When you call lm(y ~ x, data), R searches for the slope and intercept of the line that sits as close as possible to every point in your data. "Close" here means the sum of squared vertical distances from each point to the line is as small as possible. That single optimisation is everything lm() does. Every other number in summary() is bookkeeping that grades how good or bad that best line is.
The built-in cars dataset has 50 measurements of car speed (mph) and stopping distance (ft). We will model dist ~ speed and read the full output.
The slope speed = 3.9324 says that for every 1 mph faster, the stopping distance grows by about 3.9 ft on average. The intercept -17.58 is the predicted distance at 0 mph, which is meaningless on its own (you cannot drive at 0 and stop in negative feet) but is exactly what the line crosses on the y-axis. The R² of 0.65 says speed explains 65% of the variance in stopping distance. The rest of this post explains where each of those numbers came from.

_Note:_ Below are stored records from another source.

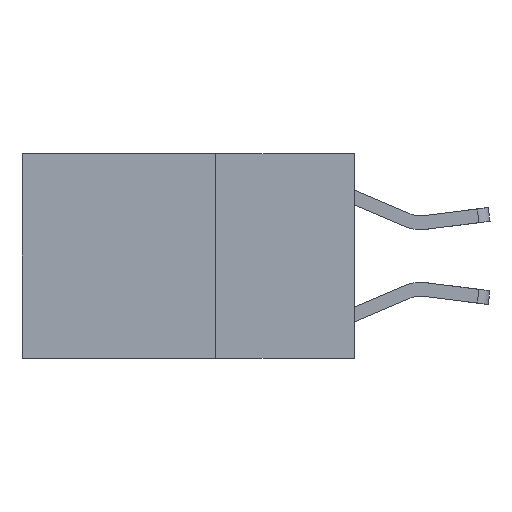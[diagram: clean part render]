
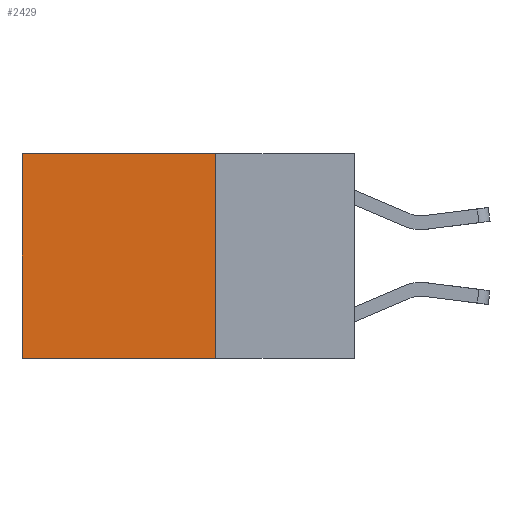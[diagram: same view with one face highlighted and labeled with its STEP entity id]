
A CAD part, left-side view. The second image highlights one B-rep face of the part: STEP entity #2429.
In plain terms, the highlighted planar face has unit normal (-1, 0, 0).
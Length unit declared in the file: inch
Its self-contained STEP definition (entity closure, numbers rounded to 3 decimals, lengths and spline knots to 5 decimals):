
#52 = LINE ( 'NONE', #6386, #8134 ) ;
#76 = DIRECTION ( 'NONE',  ( 0., 0., -1. ) ) ;
#89 = DIRECTION ( 'NONE',  ( 0., 0., -1. ) ) ;
#775 = PLANE ( 'NONE',  #4699 ) ;
#879 = CARTESIAN_POINT ( 'NONE',  ( 0.2625, 0.25, 0. ) ) ;
#1078 = LINE ( 'NONE', #879, #9267 ) ;
#1141 = EDGE_CURVE ( 'NONE', #3494, #8711, #52, .T. ) ;
#1726 = EDGE_CURVE ( 'NONE', #3494, #8490, #1078, .T. ) ;
#1828 = EDGE_CURVE ( 'NONE', #8711, #4868, #9353, .T. ) ;
#1970 = CARTESIAN_POINT ( 'NONE',  ( 0.2625, 0.6, -0.37 ) ) ;
#2049 = EDGE_CURVE ( 'NONE', #8490, #4868, #8109, .T. ) ;
#2429 = ADVANCED_FACE ( 'NONE', ( #3834 ), #775, .F. ) ;
#2435 = CARTESIAN_POINT ( 'NONE',  ( 0.2625, 0.25, 0. ) ) ;
#2941 = EDGE_LOOP ( 'NONE', ( #8305, #8660, #8667, #8586 ) ) ;
#3494 = VERTEX_POINT ( 'NONE', #7835 ) ;
#3817 = CARTESIAN_POINT ( 'NONE',  ( 0.2625, 0.25, -0.37 ) ) ;
#3834 = FACE_OUTER_BOUND ( 'NONE', #2941, .T. ) ;
#4162 = DIRECTION ( 'NONE',  ( 1., 0., 0. ) ) ;
#4699 = AXIS2_PLACEMENT_3D ( 'NONE', #2435, #4162, #4983 ) ;
#4868 = VERTEX_POINT ( 'NONE', #1970 ) ;
#4914 = CARTESIAN_POINT ( 'NONE',  ( 0.2625, 0.6, 0. ) ) ;
#4983 = DIRECTION ( 'NONE',  ( 0., 0., -1. ) ) ;
#5268 = DIRECTION ( 'NONE',  ( 0., 1., 0. ) ) ;
#5531 = VECTOR ( 'NONE', #89, 39.37008 ) ;
#5904 = VECTOR ( 'NONE', #5268, 39.37008 ) ;
#6265 = DIRECTION ( 'NONE',  ( 0., 1., 0. ) ) ;
#6386 = CARTESIAN_POINT ( 'NONE',  ( 0.2625, 0.25, 0. ) ) ;
#7188 = CARTESIAN_POINT ( 'NONE',  ( 0.2625, 0.6, 0. ) ) ;
#7677 = CARTESIAN_POINT ( 'NONE',  ( 0.2625, 0.25, -0.37 ) ) ;
#7835 = CARTESIAN_POINT ( 'NONE',  ( 0.2625, 0.25, 0. ) ) ;
#8109 = LINE ( 'NONE', #3817, #5904 ) ;
#8134 = VECTOR ( 'NONE', #6265, 39.37008 ) ;
#8305 = ORIENTED_EDGE ( 'NONE', *, *, #1828, .T. ) ;
#8490 = VERTEX_POINT ( 'NONE', #7677 ) ;
#8586 = ORIENTED_EDGE ( 'NONE', *, *, #1141, .T. ) ;
#8660 = ORIENTED_EDGE ( 'NONE', *, *, #2049, .F. ) ;
#8667 = ORIENTED_EDGE ( 'NONE', *, *, #1726, .F. ) ;
#8711 = VERTEX_POINT ( 'NONE', #4914 ) ;
#9267 = VECTOR ( 'NONE', #76, 39.37008 ) ;
#9353 = LINE ( 'NONE', #7188, #5531 ) ;

A quick scatter plot makes the fit visible. We add the regression line with abline(), which knows how to draw a fitted lm object directly.
The line slopes upward and passes through the cloud of points. Some points sit close to the line; others sit far away. Those vertical gaps are the residuals, and they drive almost every other number in the summary.
lm() does one thing: it minimises the sum of squared residuals. Every other quantity in summary(), R², t-values, p-values, F-statistic, residual SE, is computed from the residuals and the fitted coefficients after that optimisation is done.Try it: Fit a simple linear regression of Petal.Length on Sepal.Length from the built-in iris dataset. Read off the slope from coef() and round it to 2 decimals.
Click to reveal solution
Explanation: coef() returns the named vector of coefficients; index [2] picks the slope (the intercept is index 1). Each extra cm of sepal length is associated with about 1.86 cm more petal length.
How do you read the coefficient table?
The coefficient block is the heart of the summary. Each row is one coefficient (intercept, slope), and the four columns answer four different questions: what is the estimate, how uncertain is it, how many standard errors away from zero is it, and how surprising would that be if the true value were zero.
The relationships between those columns are not magic. The t-value is exactly Estimate / Std. Error, and the p-value is the two-tailed area under a t-distribution with $n - 2$ degrees of freedom (50 − 2 = 48 here). We can verify both by hand.
The hand-computed t-value matches the table's 9.464 to four decimals, and the p-value matches 1.49e-12 exactly. So the rule is: a coefficient is "9.46 standard errors away from zero", which is so unlikely under the null hypothesis (true slope = 0) that the probability of seeing it by chance is roughly one in a trillion.
Figure 1: The four blocks of summary(lm(...)) and what each one answers.
*** simply means p < 0.001. Always report the actual p-value alongside the estimate and a confidence interval. Stars hide the difference between p = 0.0009 and p = 1e-12, even though the second is a vastly stronger signal.Try it: The (Intercept) row of coefs lists Estimate −17.5791 and Std. Error 6.7584. Compute its t-value by hand and store it in ex_t.
Click to reveal solution
Explanation: The same Estimate / Std. Error rule applies to every coefficient row, including the intercept. The negative sign just reflects that the estimate sits below zero.
What do residuals and residual standard error tell you?
A residual is the gap between an observed value and what the model predicted: $e_i = y_i - \hat{y}_i$. The five-number summary at the top of summary() (Min, 1Q, Median, 3Q, Max) is just a five-number description of these gaps. If the median is far from zero or the tails are wildly asymmetric, the line is missing something systematic.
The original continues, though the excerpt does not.